Aim of the task >> Omitting the pictures, print every line below exactly as it stands.

Data in this exercise >>
[Start of section]
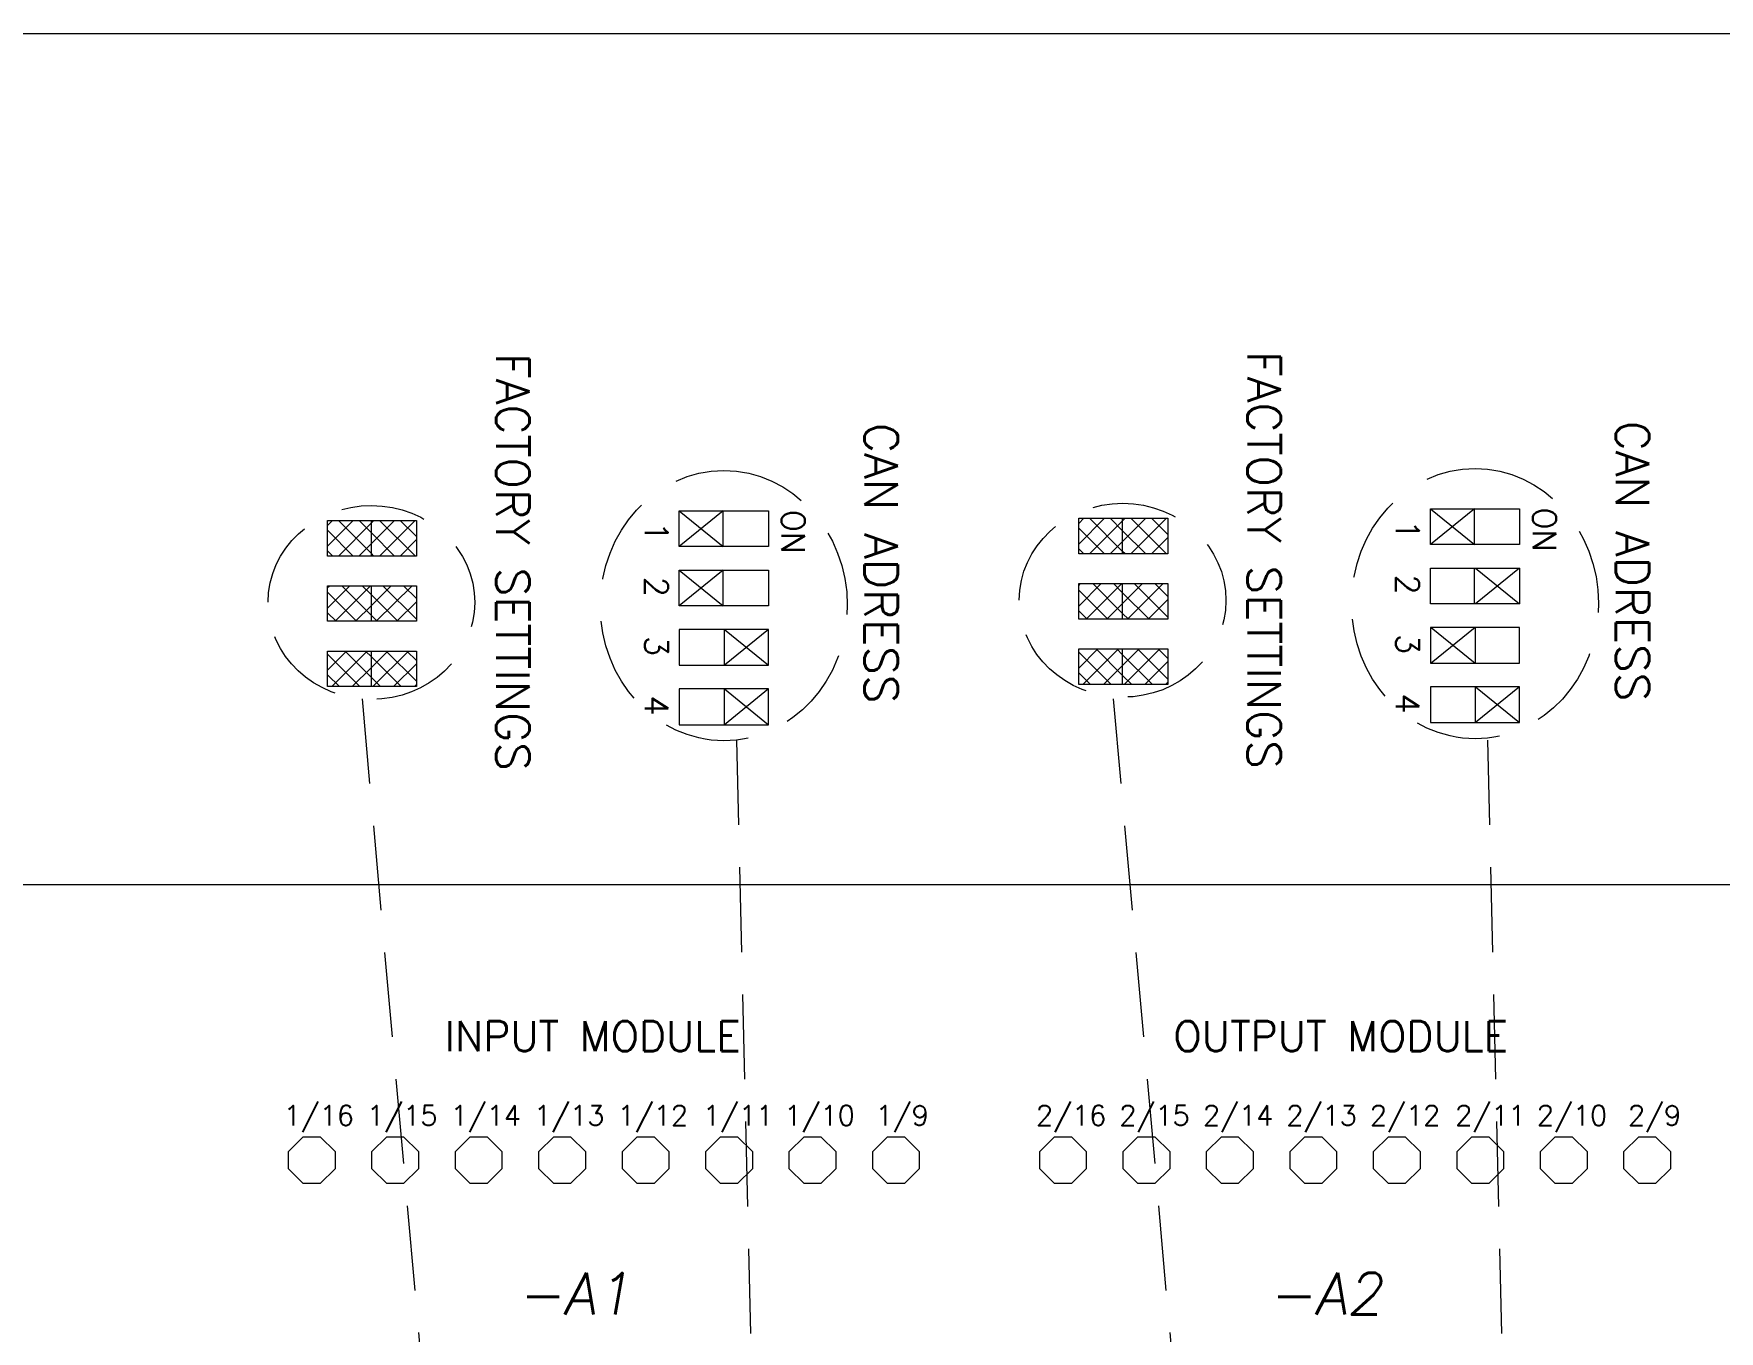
# Model space of a CAD drawing. Extents: x -2993 to 3661, y -4147 to -1441.
# Drawn here: x 3331.5 to 3432.4, y -3479.3 to -3401.6 of the extents above; entities that cross this region are included whole.
import ezdxf
from ezdxf.enums import TextEntityAlignment as Align

# ---------------------------------------------------------------- set-up
doc = ezdxf.new("R2010")
doc.units = 0
doc.header["$LTSCALE"] = 0.1
doc.header["$MEASUREMENT"] = 0
doc.linetypes.add('DASHED', pattern=[19.05, 12.7, -6.35])
doc.layers.get('0').update_dxf_attribs({"linetype": 'CONTINUOUS'})
for name, color, linetype in [('21', 7, 'CONTINUOUS'), ('LAYOUT', 7, 'CONTINUOUS'), ('MONTAGEPLAAT', 230, 'CONTINUOUS'), ('NRS', 1, 'CONTINUOUS')]:
    doc.layers.add(name, color=color, linetype=linetype)
doc.styles.get("Standard").update_dxf_attribs({"font": 'simplex.shx'})

msp = doc.modelspace()

# ---------------------------------------------------------------- linework, layer by layer
at = {"color": 7, "lineweight": 13}
for p, q in [((3370.13, -3430.2), (3372.76, -3432.33)), ((3372.76, -3430.2), (3370.13, -3432.33)), ((3372.76, -3432.33), (3372.76, -3430.2)), ((3415.13, -3430.07), (3417.76, -3432.2)), ((3417.76, -3430.07), (3415.13, -3432.2)), ((3370.13, -3433.75), (3372.76, -3435.89)), ((3372.76, -3433.75), (3370.13, -3435.89)), ((3417.83, -3433.63), (3420.47, -3435.76)), ((3420.47, -3433.63), (3417.83, -3435.76)), ((3372.83, -3437.31), (3375.47, -3439.44)), ((3375.47, -3437.31), (3372.83, -3439.44)), ((3415.17, -3437.18), (3417.8, -3439.32)), ((3417.8, -3437.18), (3415.17, -3439.32)), ((3372.83, -3440.86), (3375.47, -3443)), ((3375.47, -3440.86), (3372.83, -3443)), ((3417.83, -3440.74), (3420.47, -3442.87)), ((3420.47, -3440.74), (3417.83, -3442.87))]:
    msp.add_line(p, q, dxfattribs=at)
msp.add_lwpolyline([(3213.52, -3603.74), (3661.41, -3603.74), (3661.41, -3401.62), (3213.52, -3401.62)], close=True, dxfattribs=at)
at = {"layer": '21', "color": 7, "lineweight": 13}
for p, q in [((3346.72, -3468.57), (3347.61, -3467.68)), ((3347.61, -3467.68), (3348.62, -3467.68)), ((3348.62, -3467.68), (3349.51, -3468.57)), ((3351.72, -3468.57), (3352.61, -3467.68)), ((3352.61, -3467.68), (3353.62, -3467.68)), ((3353.62, -3467.68), (3354.51, -3468.57)), ((3356.72, -3468.57), (3357.61, -3467.68)), ((3357.61, -3467.68), (3358.62, -3467.68)), ((3358.62, -3467.68), (3359.51, -3468.57)), ((3361.72, -3468.57), (3362.61, -3467.68)), ((3362.61, -3467.68), (3363.62, -3467.68)), ((3363.62, -3467.68), (3364.51, -3468.57)), ((3366.72, -3468.57), (3367.61, -3467.68)), ((3367.61, -3467.68), (3368.62, -3467.68)), ((3368.62, -3467.68), (3369.51, -3468.57)), ((3371.72, -3468.57), (3372.61, -3467.68)), ((3372.61, -3467.68), (3373.62, -3467.68)), ((3373.62, -3467.68), (3374.51, -3468.57)), ((3376.72, -3468.57), (3377.61, -3467.68)), ((3377.61, -3467.68), (3378.62, -3467.68)), ((3378.62, -3467.68), (3379.51, -3468.57)), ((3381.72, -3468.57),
[End of section]
Result for this exercise >>
# Model space of a CAD drawing. Extents: x -2993 to 3661, y -4147 to -1441.
# Drawn here: x 3331.5 to 3432.4, y -3479.3 to -3401.6 of the extents above; entities that cross this region are included whole.
import ezdxf
from ezdxf.enums import TextEntityAlignment as Align

# ---------------------------------------------------------------- set-up
doc = ezdxf.new("R2010")
doc.units = 0
doc.header["$LTSCALE"] = 0.1
doc.header["$MEASUREMENT"] = 0
doc.linetypes.add('DASHED', pattern=[19.05, 12.7, -6.35])
doc.layers.get('0').update_dxf_attribs({"linetype": 'CONTINUOUS'})
for name, color, linetype in [('21', 7, 'CONTINUOUS'), ('LAYOUT', 7, 'CONTINUOUS'), ('MONTAGEPLAAT', 230, 'CONTINUOUS'), ('NRS', 1, 'CONTINUOUS')]:
    doc.layers.add(name, color=color, linetype=linetype)
doc.styles.get("Standard").update_dxf_attribs({"font": 'simplex.shx'})

msp = doc.modelspace()

# ---------------------------------------------------------------- linework, layer by layer
at = {"color": 7, "lineweight": 13}
for p, q in [((3370.13, -3430.2), (3372.76, -3432.33)), ((3372.76, -3430.2), (3370.13, -3432.33)), ((3372.76, -3432.33), (3372.76, -3430.2)), ((3415.13, -3430.07), (3417.76, -3432.2)), ((3417.76, -3430.07), (3415.13, -3432.2)), ((3370.13, -3433.75), (3372.76, -3435.89)), ((3372.76, -3433.75), (3370.13, -3435.89)), ((3417.83, -3433.63), (3420.47, -3435.76)), ((3420.47, -3433.63), (3417.83, -3435.76)), ((3372.83, -3437.31), (3375.47, -3439.44)), ((3375.47, -3437.31), (3372.83, -3439.44)), ((3415.17, -3437.18), (3417.8, -3439.32)), ((3417.8, -3437.18), (3415.17, -3439.32)), ((3372.83, -3440.86), (3375.47, -3443)), ((3375.47, -3440.86), (3372.83, -3443)), ((3417.83, -3440.74), (3420.47, -3442.87)), ((3420.47, -3440.74), (3417.83, -3442.87))]:
    msp.add_line(p, q, dxfattribs=at)
msp.add_lwpolyline([(3213.52, -3603.74), (3661.41, -3603.74), (3661.41, -3401.62), (3213.52, -3401.62)], close=True, dxfattribs=at)
at = {"layer": '21', "color": 7, "lineweight": 13}
for p, q in [((3346.72, -3468.57), (3347.61, -3467.68)), ((3347.61, -3467.68), (3348.62, -3467.68)), ((3348.62, -3467.68), (3349.51, -3468.57)), ((3351.72, -3468.57), (3352.61, -3467.68)), ((3352.61, -3467.68), (3353.62, -3467.68)), ((3353.62, -3467.68), (3354.51, -3468.57)), ((3356.72, -3468.57), (3357.61, -3467.68)), ((3357.61, -3467.68), (3358.62, -3467.68)), ((3358.62, -3467.68), (3359.51, -3468.57)), ((3361.72, -3468.57), (3362.61, -3467.68)), ((3362.61, -3467.68), (3363.62, -3467.68)), ((3363.62, -3467.68), (3364.51, -3468.57)), ((3366.72, -3468.57), (3367.61, -3467.68)), ((3367.61, -3467.68), (3368.62, -3467.68)), ((3368.62, -3467.68), (3369.51, -3468.57)), ((3371.72, -3468.57), (3372.61, -3467.68)), ((3372.61, -3467.68), (3373.62, -3467.68)), ((3373.62, -3467.68), (3374.51, -3468.57)), ((3376.72, -3468.57), (3377.61, -3467.68)), ((3377.61, -3467.68), (3378.62, -3467.68)), ((3378.62, -3467.68), (3379.51, -3468.57)), ((3381.72, -3468.57),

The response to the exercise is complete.